Cutting costs by 20% is a pretty big ask. And since the schools aren't profit-making, it is cutting costs.
Unless they pre-emptively cut bursaries right down and made a raft of staff redundancies now - before the law even comes in - the costs won't drop in time. Some schools with a healthy war chest may be able to cover it for a short time.
But they have to decide whether they should.
The more they reduce their provision, the less extra education we get as a proportion of the 10s of thousands of pounds we are giving the government.
On fees of £18k, if the school reduce the provision from £18k of education to £15k of education to absorb the £3k VAT, parents go from:
- giving the government £27K in order to double the amount spent on DD's education
- to giving the government £23K in order to increase the education DD gets by 50%
Ie going from 8k state provision to £16k private provision or £13k private provision respectively. Assuming 2k of the fees cover wraparound and extracurricular activities I'd otherwise pay for elsewhere.

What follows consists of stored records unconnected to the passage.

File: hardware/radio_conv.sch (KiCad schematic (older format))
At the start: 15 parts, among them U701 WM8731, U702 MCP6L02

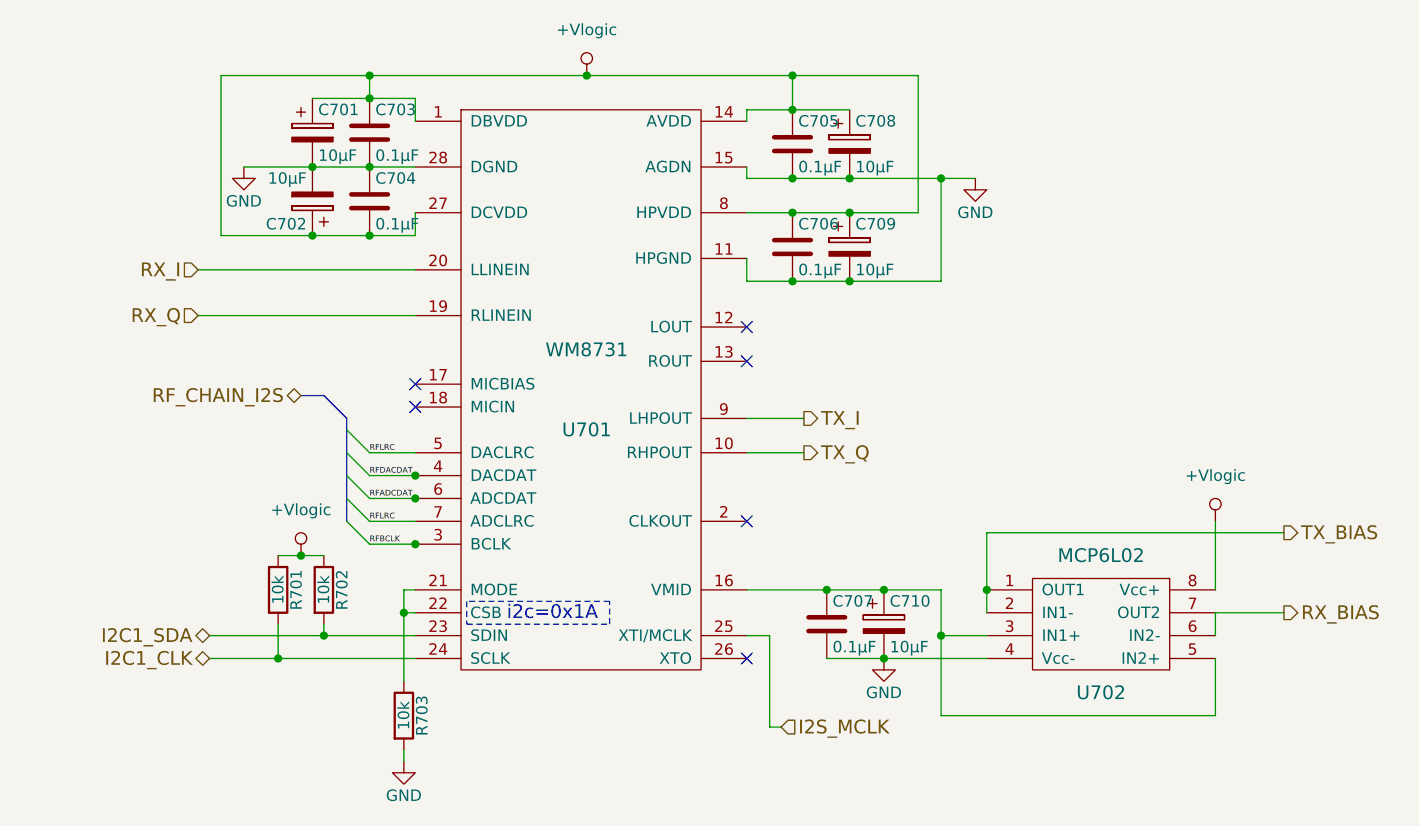
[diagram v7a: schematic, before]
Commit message: Upgraded schematic to version 1.0 and generated initial BOM
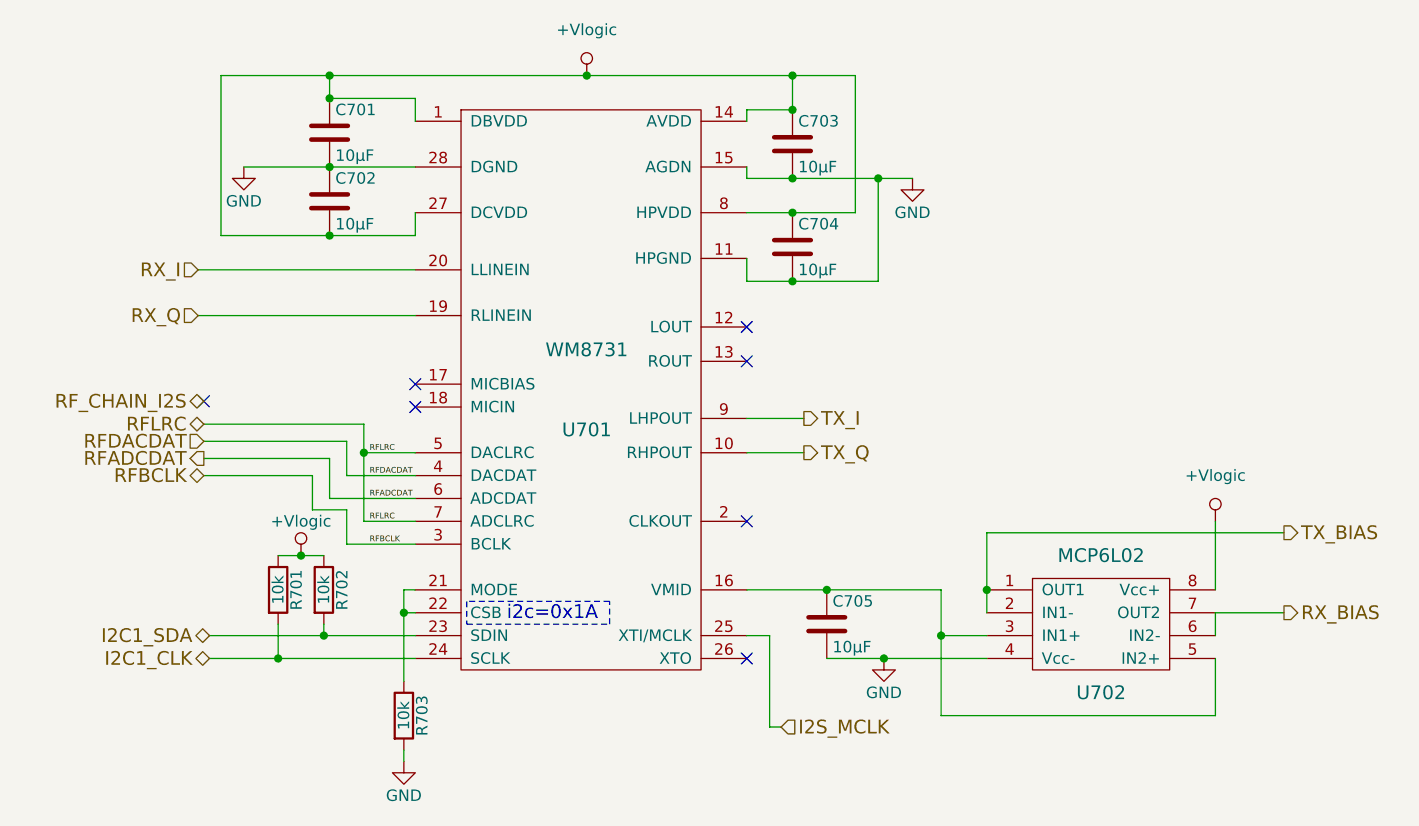
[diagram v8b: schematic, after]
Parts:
- removed C701, C702, C708, C709, C710: 10µF, symbol CP
- C701: renamed from C703; value 0.1µF -> 10µF
- C702: renamed from C704; value 0.1µF -> 10µF
- C703: renamed from C705; value 0.1µF -> 10µF
- C704: renamed from C706; value 0.1µF -> 10µF
- C705: renamed from C707; value 0.1µF -> 10µF
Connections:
- no-connect marks 6 -> 7
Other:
- moved on the sheet: C701, C702
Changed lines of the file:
@@
 Sheet 7 8
 Title "RF chain ADC/DAC"
-Date "2016-09-23"
-Rev "0.4"
+Date "2016-09-30"
+Rev "1.0"
 Comp "PRK - OH2TI"
 Comment1 "exla - OH2EHK"
@@
 $EndComp
 $Comp
-L +Vlogic #PWR046
+L +Vlogic #PWR704
 U 1 1 57E4C112
 P 5800 2200
-F 0 "#PWR046" H 5800 2000 50  0001 C CNN
+F 0 "#PWR704" H 5800 2000 50  0001 C CNN
 F 1 "+Vlogic" H 5800 2400 50  0000 C CNN
 F 2 "" H 5800 2200 50  0000 C CNN
@@
 $EndComp
 $Comp
-L CP C701
-U 1 1 57E4C118
-P 4600 2450
-F 0 "C701" H 4625 2550 50  0000 L CNN
-F 1 "10µF" H 4625 2350 50  0000 L CNN
-F 2 "" H 4638 2300 50  0000 C CNN
-F 3 "" H 4600 2450 50  0000 C CNN
-	1    4600 2450
-	1    0    0    -1
-$EndComp
-$Comp
-L CP C702
-U 1 1 57E4C11F
-P 4600 2750
-F 0 "C702" H 4625 2850 50  0000 L CNN
-F 1 "10µF" H 4625 2650 50  0000 L CNN
-F 2 "" H 4638 2600 50  0000 C CNN
-F 3 "" H 4600 2750 50  0000 C CNN
-	1    4600 2750
-	-1   0    0    1
-$EndComp
-$Comp
-L CP C710
-U 1 1 57E4C134
-P 7100 4600
-F 0 "C710" H 7125 4700 50  0000 L CNN
-F 1 "10µF" H 7125 4500 50  0000 L CNN
-F 2 "" H 7138 4450 50  0000 C CNN
-F 3 "" H 7100 4600 50  0000 C CNN
-	1    7100 4600
-	1    0    0    -1
-$EndComp
-$Comp
-L C C703
+L C C701
 U 1 1 57E4C13B
-P 4850 2450
-F 0 "C703" H 4875 2550 50  0000 L CNN
-F 1 "0.1µF" H 4875 2350 50  0000 L CNN
-F 2 "" H 4888 2300 50  0000 C CNN
-F 3 "" H 4850 2450 50  0000 C CNN
-	1    4850 2450
-	1    0    0    -1
-$EndComp
-$Comp
-L C C704
+P 4675 2450
+F 0 "C701" H 4700 2550 50  0000 L CNN
+F 1 "10µF" H 4700 2350 50  0000 L CNN
+F 2 "" H 4713 2300 50  0000 C CNN
+F 3 "" H 4675 2450 50  0000 C CNN
+	1    4675 2450
+	1    0    0    -1
+$EndComp
+$Comp
+L C C702
 U 1 1 57E4C142
-P 4850 2750
-F 0 "C704" H 4875 2850 50  0000 L CNN
-F 1 "0.1µF" H 4875 2650 50  0000 L CNN
-F 2 "" H 4888 2600 50  0000 C CNN
-F 3 "" H 4850 2750 50  0000 C CNN
-	1    4850 2750
-	1    0    0    -1
-$EndComp
-$Comp
-L GND #PWR047
+P 4675 2750
+F 0 "C702" H 4700 2850 50  0000 L CNN
+F 1 "10µF" H 4700 2650 50  0000 L CNN
+F 2 "" H 4713 2600 50  0000 C CNN
+F 3 "" H 4675 2750 50  0000 C CNN
+	1    4675 2750
+	1    0    0    -1
+$EndComp
+$Comp
+L GND #PWR701
 U 1 1 57E4C149
 P 4300 2600
-F 0 "#PWR047" H 4300 2350 50  0001 C CNN
+F 0 "#PWR701" H 4300 2350 50  0001 C CNN
 F 1 "GND" H 4300 2450 50  0000 C CNN
 F 2 "" H 4300 2600 50  0000 C CNN
@@
 Wire Wire Line
 	5050 2300 5050 2400
-Wire Wire Line
-	4600 2300 5050 2300
-Connection ~ 4850 2300
-Wire Wire Line
-	4850 2300 4850 2200
-Wire Wire Line
-	4200 2200 7250 2200
-Connection ~ 4600 2600
-Connection ~ 4850 2600
-$Comp
-L C C705
+Connection ~ 4675 2300
+Wire Wire Line
+	4675 2300 4675 2200
+Wire Wire Line
+	4200 2200 6975 2200
+Connection ~ 4675 2600
+$Comp
+L C C703
 U 1 1 57E4C15D
 P 6700 2500
-F 0 "C705" H 6725 2600 50  0000 L CNN
-F 1 "0.1µF" H 6725 2400 50  0000 L CNN
+F 0 "C703" H 6725 2600 50  0000 L CNN
+F 1 "10µF" H 6725 2400 50  0000 L CNN
 F 2 "" H 6738 2350 50  0000 C CNN
 F 3 "" H 6700 2500 50  0000 C CNN
@@
 $EndComp
 $Comp
-L C C706
+L C C704
 U 1 1 57E4C164
 P 6700 2950
-F 0 "C706" H 6725 3050 50  0000 L CNN
-F 1 "0.1µF" H 6725 2850 50  0000 L CNN
+F 0 "C704" H 6725 3050 50  0000 L CNN
+F 1 "10µF" H 6725 2850 50  0000 L CNN
 F 2 "" H 6738 2800 50  0000 C CNN
 F 3 "" H 6700 2950 50  0000 C CNN
@@
 Connection ~ 5800 2200
 Wire Wire Line
-	6500 2350 6950 2350
-Wire Wire Line
 	6500 2350 6500 2400
 Connection ~ 6700 2350
 Wire Wire Line
-	6500 2650 7500 2650
+	6500 2650 7225 2650
 Wire Wire Line
 	6500 2650 6500 2600
 Connection ~ 6700 2650
-Connection ~ 6950 2650
-$Comp
-L GND #PWR048
+$Comp
+L GND #PWR706
 U 1 1 57E4C178
-P 7500 2650
-F 0 "#PWR048" H 7500 2400 50  0001 C CNN
-F 1 "GND" H 7500 2500 50  0000 C CNN
-F 2 "" H 7500 2650 50  0000 C CNN
-F 3 "" H 7500 2650 50  0000 C CNN
-	1    7500 2650
-	1    0    0    -1
-$EndComp
-Wire Wire Line
-	7250 2200 7250 2800
-Wire Wire Line
-	7250 2800 6500 2800
+P 7225 2650
+F 0 "#PWR706" H 7225 2400 50  0001 C CNN
+F 1 "GND" H 7225 2500 50  0000 C CNN
+F 2 "" H 7225 2650 50  0000 C CNN
+F 3 "" H 7225 2650 50  0000 C CNN
+	1    7225 2650
+	1    0    0    -1
+$EndComp
+Wire Wire Line
+	6975 2200 6975 2800
+Wire Wire Line
+	6975 2800 6500 2800
 Connection ~ 6700 2200
-Connection ~ 6950 2800
 Connection ~ 6700 2800
 Wire Wire Line
 	6500 3000 6500 3100
 Wire Wire Line
-	6500 3100 7350 3100
-Wire Wire Line
-	7350 3100 7350 2650
-Connection ~ 7350 2650
+	6500 3100 7075 3100
+Wire Wire Line
+	7075 3100 7075 2650
+Connection ~ 7075 2650
 Connection ~ 6700 3100
 NoConn ~ 6500 3300
@@
 Wire Wire Line
 	5050 2900 5050 2800
-Connection ~ 4850 2900
+Connection ~ 4675 2900
 Wire Wire Line
 	4200 2900 4200 2200
-Connection ~ 4850 2200
-Connection ~ 4600 2900
-$Comp
-L +Vlogic #PWR049
+Connection ~ 4675 2200
+$Comp
+L +Vlogic #PWR702
 U 1 1 57E4C199
 P 4550 4300
-F 0 "#PWR049" H 4550 4100 50  0001 C CNN
-F 1 "+Vlogic" H 4550 4500 50  0000 C CNN
+F 0 "#PWR702" H 4550 4100 50  0001 C CNN
+F 1 "+Vlogic" H 4550 4450 50  0000 C CNN
 F 2 "" H 4550 4300 50  0000 C CNN
 F 3 "" H 4550 4300 50  0000 C CNN
@@
 Connection ~ 4550 4300
 $Comp
-L C C707
+L C C705
 U 1 1 57E4C1B6
 P 6850 4600
-F 0 "C707" H 6875 4700 50  0000 L CNN
-F 1 "0.1µF" H 6875 4500 50  0000 L CNN
+F 0 "C705" H 6875 4700 50  0000 L CNN
+F 1 "10µF" H 6875 4500 50  0000 L CNN
 F 2 "" H 6888 4450 50  0000 C CNN
 F 3 "" H 6850 4600 50  0000 C CNN
@@
 	6850 4750 7550 4750
 $Comp
-L GND #PWR050
+L GND #PWR705
 U 1 1 57E4C1C1
 P 7100 4750
-F 0 "#PWR050" H 7100 4500 50  0001 C CNN
+F 0 "#PWR705" H 7100 4500 50  0001 C CNN
 F 1 "GND" H 7100 4600 50  0000 C CNN
 F 2 "" H 7100 4750 50  0000 C CNN
@@
 	1    0    0    -1
 $EndComp
-Entry Wire Line
-	4750 4150 4850 4250
-Entry Wire Line
-	4750 4050 4850 4150
-Entry Wire Line
-	4750 3950 4850 4050
-Entry Wire Line
-	4750 3850 4850 3950
-Entry Wire Line
-	4750 3750 4850 3850
-Text HLabel 4550 3600 0    60   BiDi ~ 0
+Text HLabel 4125 3625 0    60   BiDi ~ 0
 RF_CHAIN_I2S
-Wire Bus Line
-	4650 3600 4750 3700
-Wire Bus Line
-	4750 3700 4750 4150
-Wire Bus Line
-	4650 3600 4550 3600
 Text HLabel 4150 4650 0    60   BiDi ~ 0
 I2C1_SDA
@@
 RX_Q
 $Comp
-L GND #PWR051
+L GND #PWR703
 U 1 1 57E4C1DF
 P 5000 5200
-F 0 "#PWR051" H 5000 4950 50  0001 C CNN
+F 0 "#PWR703" H 5000 4950 50  0001 C CNN
 F 1 "GND" H 5000 5050 50  0000 C CNN
 F 2 "" H 5000 5200 50  0000 C CNN
@@
 Wire Wire Line
 	7350 4650 7550 4650
-Connection ~ 7100 4450
 Wire Wire Line
 	7350 5000 8550 5000
@@
 	8550 4550 8550 4650
 $Comp
-L +Vlogic #PWR052
+L +Vlogic #PWR707
 U 1 1 57E46B0D
 P 8550 4150
-F 0 "#PWR052" H 8550 3950 50  0001 C CNN
+F 0 "#PWR707" H 8550 3950 50  0001 C CNN
 F 1 "+Vlogic" H 8550 4350 50  0000 C CNN
 F 2 "" H 8550 4150 50  0000 C CNN
@@
 	8550 4550 8850 4550
 Wire Wire Line
-	5050 3850 4850 3850
-Wire Wire Line
-	5050 3950 4850 3950
-Wire Wire Line
-	5050 4050 4850 4050
-Wire Wire Line
-	5050 4150 4850 4150
-Wire Wire Line
-	5050 4250 4850 4250
+	4825 3850 5050 3850
+Wire Wire Line
+	4750 3950 5050 3950
+Wire Wire Line
+	4675 4050 5050 4050
+Wire Wire Line
+	4825 4150 5050 4150
+Wire Wire Line
+	4750 4250 5050 4250
 Connection ~ 5000 4550
 Wire Wire Line
@@
 Wire Wire Line
 	5000 5200 5000 5150
-$Comp
-L CP C709
-U 1 1 57E4C12D
-P 6950 2950
-F 0 "C709" H 6975 3050 50  0000 L CNN
-F 1 "10µF" H 6975 2850 50  0000 L CNN
-F 2 "" H 6988 2800 50  0000 C CNN
-F 3 "" H 6950 2950 50  0000 C CNN
-	1    6950 2950
-	1    0    0    -1
-$EndComp
-$Comp
-L CP C708
-U 1 1 57E4C126
-P 6950 2500
-F 0 "C708" H 6975 2600 50  0000 L CNN
-F 1 "10µF" H 6975 2400 50  0000 L CNN
-F 2 "" H 6988 2350 50  0000 C CNN
-F 3 "" H 6950 2500 50  0000 C CNN
-	1    6950 2500
-	1    0    0    -1
-$EndComp
-Connection ~ 6950 3100
-Connection ~ 5050 4250
-Connection ~ 5050 4050
-Connection ~ 5050 3950
+Wire Wire Line
+	5050 2300 4675 2300
+Wire Wire Line
+	6700 2350 6500 2350
+NoConn ~ 4125 3625
+Text HLabel 4125 3725 0    60   BiDi ~ 0
+RFLRC
+Text HLabel 4125 3800 0    60   Input ~ 0
+RFDACDAT
+Text HLabel 4125 3875 0    60   Output ~ 0
+RFADCDAT
+Text HLabel 4125 3950 0    60   BiDi ~ 0
+RFBCLK
+Wire Wire Line
+	4825 3725 4825 4150
+Wire Wire Line
+	4825 3725 4125 3725
+Wire Wire Line
+	4750 3950 4750 3800
+Wire Wire Line
+	4750 3800 4125 3800
+Wire Wire Line
+	4125 3875 4675 3875
+Wire Wire Line
+	4675 3875 4675 4050
+Connection ~ 4825 3850
+Wire Wire Line
+	4750 4250 4750 4100
+Wire Wire Line
+	4750 4100 4600 4100
+Wire Wire Line
+	4600 4100 4600 3950
+Wire Wire Line
+	4600 3950 4125 3950
 $EndSCHEMATC

Note - it's not the government doubling or increasing my DD's education. This is tens of thousand of pounds I pay the government directly in extra taxes and subsidising DD's education entitlement - just so that I'm allowed to pay for extra education for her.
It pretty soon becomes not worthwhile. Why on earth would I give the government 10s of thousands of pounds, to only be allowed to actually improve my DD's education fractionally.